* [Exercise details]: The records that follow are to be transcribed in full, leaving out each picture.

* [Supplied records]:
■ ■ ■

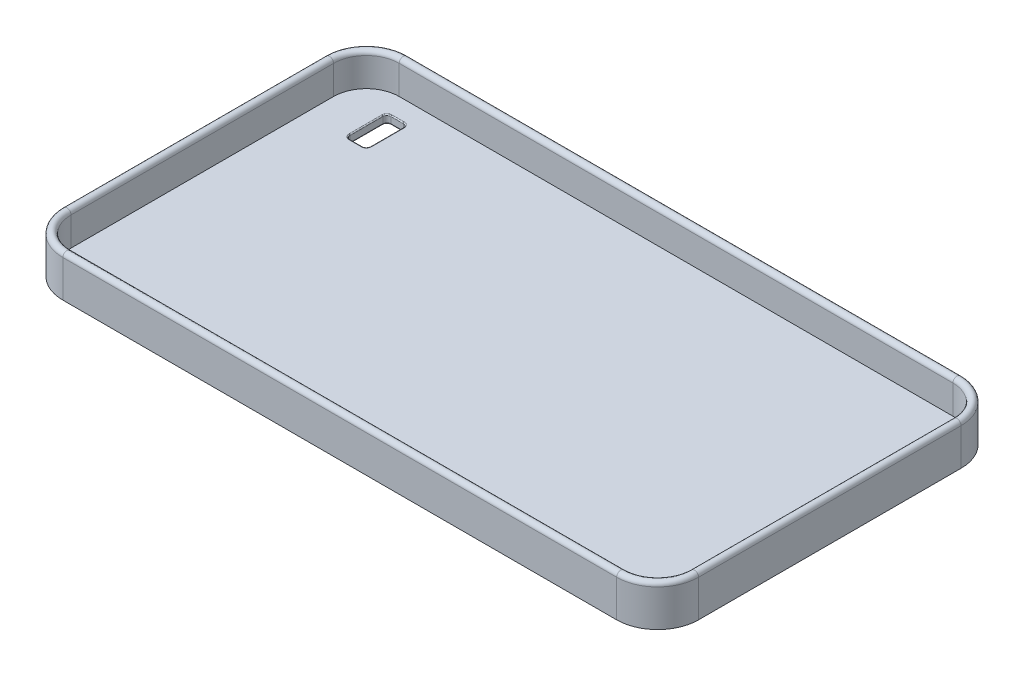
SolidWorks part; units mm, degrees
ref_plane "Front" through (0, 0, 0) normal (0, 0, 1) x (1, 0, 0)
ref_plane "Top" through (0, 0, 0) normal (0, 1, 0) x (1, 0, 0)
ref_plane "Right" through (0, 0, 0) normal (1, 0, 0) x (0, 0, -1)
sketch "Sketch1" plane through (0, 0, 0) normal (0, 1, 0) x (1, 0, 0)
  line L1 (-77.5, -42) -> (77.5, -42)
  line L2 (-77.5, -42) -> (-77.5, 42)
  line L3 (-77.5, 42) -> (77.5, 42)
  line L4 (77.5, -42) -> (77.5, 42)
  line L5 (-77.5, -42) -> (77.5, 42) construction
  line L6 (-77.5, 42) -> (77.5, -42) construction
  point P0 (0, 0)
  dimension "D1" = 155
  dimension "D2" = 84
extrude "Boss-Extrude1" add sketch "Sketch1" along normal blind 10
fillet "Fillet1" radius 10 4 edges at (-77.5, 5, 42) (-77.5, 5, -42) (77.5, 5, -42) (77.5, 5, 42)
shell "Shell1" thickness 2 removed face at (0, 10, 0)
sketch "Sketch2" plane through (0, 2, 0) normal (0, 1, 0) x (1, 0, 0)
  line L0 (67.5, 40) -> (-67.5, 40) construction
  line L1 (-65.5, 35) -> (-60.5, 35)
  line L2 (-65.5, 35) -> (-65.5, 25)
  line L3 (-65.5, 25) -> (-60.5, 25)
  line L4 (-60.5, 35) -> (-60.5, 25)
  line L5 (-65.5, 35) -> (-60.5, 25) construction
  line L6 (-65.5, 25) -> (-60.5, 35) construction
  line L7 (-75.5, 32) -> (-75.5, -32) construction
  point P0 (-63, 30)
  dimension "D1" = 10
  dimension "D2" = 12.5
  dimension "D3" = 10
  dimension "D4" = 5
extrude "Cut-Extrude1" cut sketch "Sketch2" against normal through all
fillet "Fillet2" radius 1 4 edges at (-60.5, 1, -25) (-65.5, 1, -25) (-65.5, 1, -35) (-60.5, 1, -35)
fillet "Fillet3" radius 0.25 16 edges at (-60.7929, 0, -34.7071) (-60.5, 0, -30) (-60.7929, 0, -25.2929) (-63, 0, -25) (-65.2071, 0, -25.2929) (-65.5, 0, -30) (-65.2071, 0, -34.7071) (-65.2071, 2, -34.7071) (-63, 2, -35) (-60.7929, 2, -34.7071) (-60.5, 2, -30) (-60.7929, 2, -25.2929) (-63, 2, -25) (-65.2071, 2, -25.2929) (-63, 0, -35) (-65.5, 2, -30)
fillet "Fillet4" 2 edges at (-77.5, 10, 0) (-75.5, 10, 0) type full round first side face at (-77.5, 5, 0) second side face at (-75.5, 6, 0) middle face at (0, 10, 0)

■ ■ ■

* [Reply]:
SolidWorks part; units mm, degrees
ref_plane "Front" through (0, 0, 0) normal (0, 0, 1) x (1, 0, 0)
ref_plane "Top" through (0, 0, 0) normal (0, 1, 0) x (1, 0, 0)
ref_plane "Right" through (0, 0, 0) normal (1, 0, 0) x (0, 0, -1)
sketch "Sketch1" plane through (0, 0, 0) normal (0, 1, 0) x (1, 0, 0)
  line L1 (-77.5, -42) -> (77.5, -42)
  line L2 (-77.5, -42) -> (-77.5, 42)
  line L3 (-77.5, 42) -> (77.5, 42)
  line L4 (77.5, -42) -> (77.5, 42)
  line L5 (-77.5, -42) -> (77.5, 42) construction
  line L6 (-77.5, 42) -> (77.5, -42) construction
  point P0 (0, 0)
  dimension "D1" = 155
  dimension "D2" = 84
extrude "Boss-Extrude1" add sketch "Sketch1" along normal blind 10
fillet "Fillet1" radius 10 4 edges at (-77.5, 5, 42) (-77.5, 5, -42) (77.5, 5, -42) (77.5, 5, 42)
shell "Shell1" thickness 2 removed face at (0, 10, 0)
sketch "Sketch2" plane through (0, 2, 0) normal (0, 1, 0) x (1, 0, 0)
  line L0 (67.5, 40) -> (-67.5, 40) construction
  line L1 (-65.5, 35) -> (-60.5, 35)
  line L2 (-65.5, 35) -> (-65.5, 25)
  line L3 (-65.5, 25) -> (-60.5, 25)
  line L4 (-60.5, 35) -> (-60.5, 25)
  line L5 (-65.5, 35) -> (-60.5, 25) construction
  line L6 (-65.5, 25) -> (-60.5, 35) construction
  line L7 (-75.5, 32) -> (-75.5, -32) construction
  point P0 (-63, 30)
  dimension "D1" = 10
  dimension "D2" = 12.5
  dimension "D3" = 10
  dimension "D4" = 5
extrude "Cut-Extrude1" cut sketch "Sketch2" against normal through all
fillet "Fillet2" radius 1 4 edges at (-60.5, 1, -25) (-65.5, 1, -25) (-65.5, 1, -35) (-60.5, 1, -35)
fillet "Fillet3" radius 0.25 16 edges at (-60.7929, 0, -34.7071) (-60.5, 0, -30) (-60.7929, 0, -25.2929) (-63, 0, -25) (-65.2071, 0, -25.2929) (-65.5, 0, -30) (-65.2071, 0, -34.7071) (-65.2071, 2, -34.7071) (-63, 2, -35) (-60.7929, 2, -34.7071) (-60.5, 2, -30) (-60.7929, 2, -25.2929) (-63, 2, -25) (-65.2071, 2, -25.2929) (-63, 0, -35) (-65.5, 2, -30)
fillet "Fillet4" 2 edges at (-77.5, 10, 0) (-75.5, 10, 0) type full round first side face at (-77.5, 5, 0) second side face at (-75.5, 6, 0) middle face at (0, 10, 0)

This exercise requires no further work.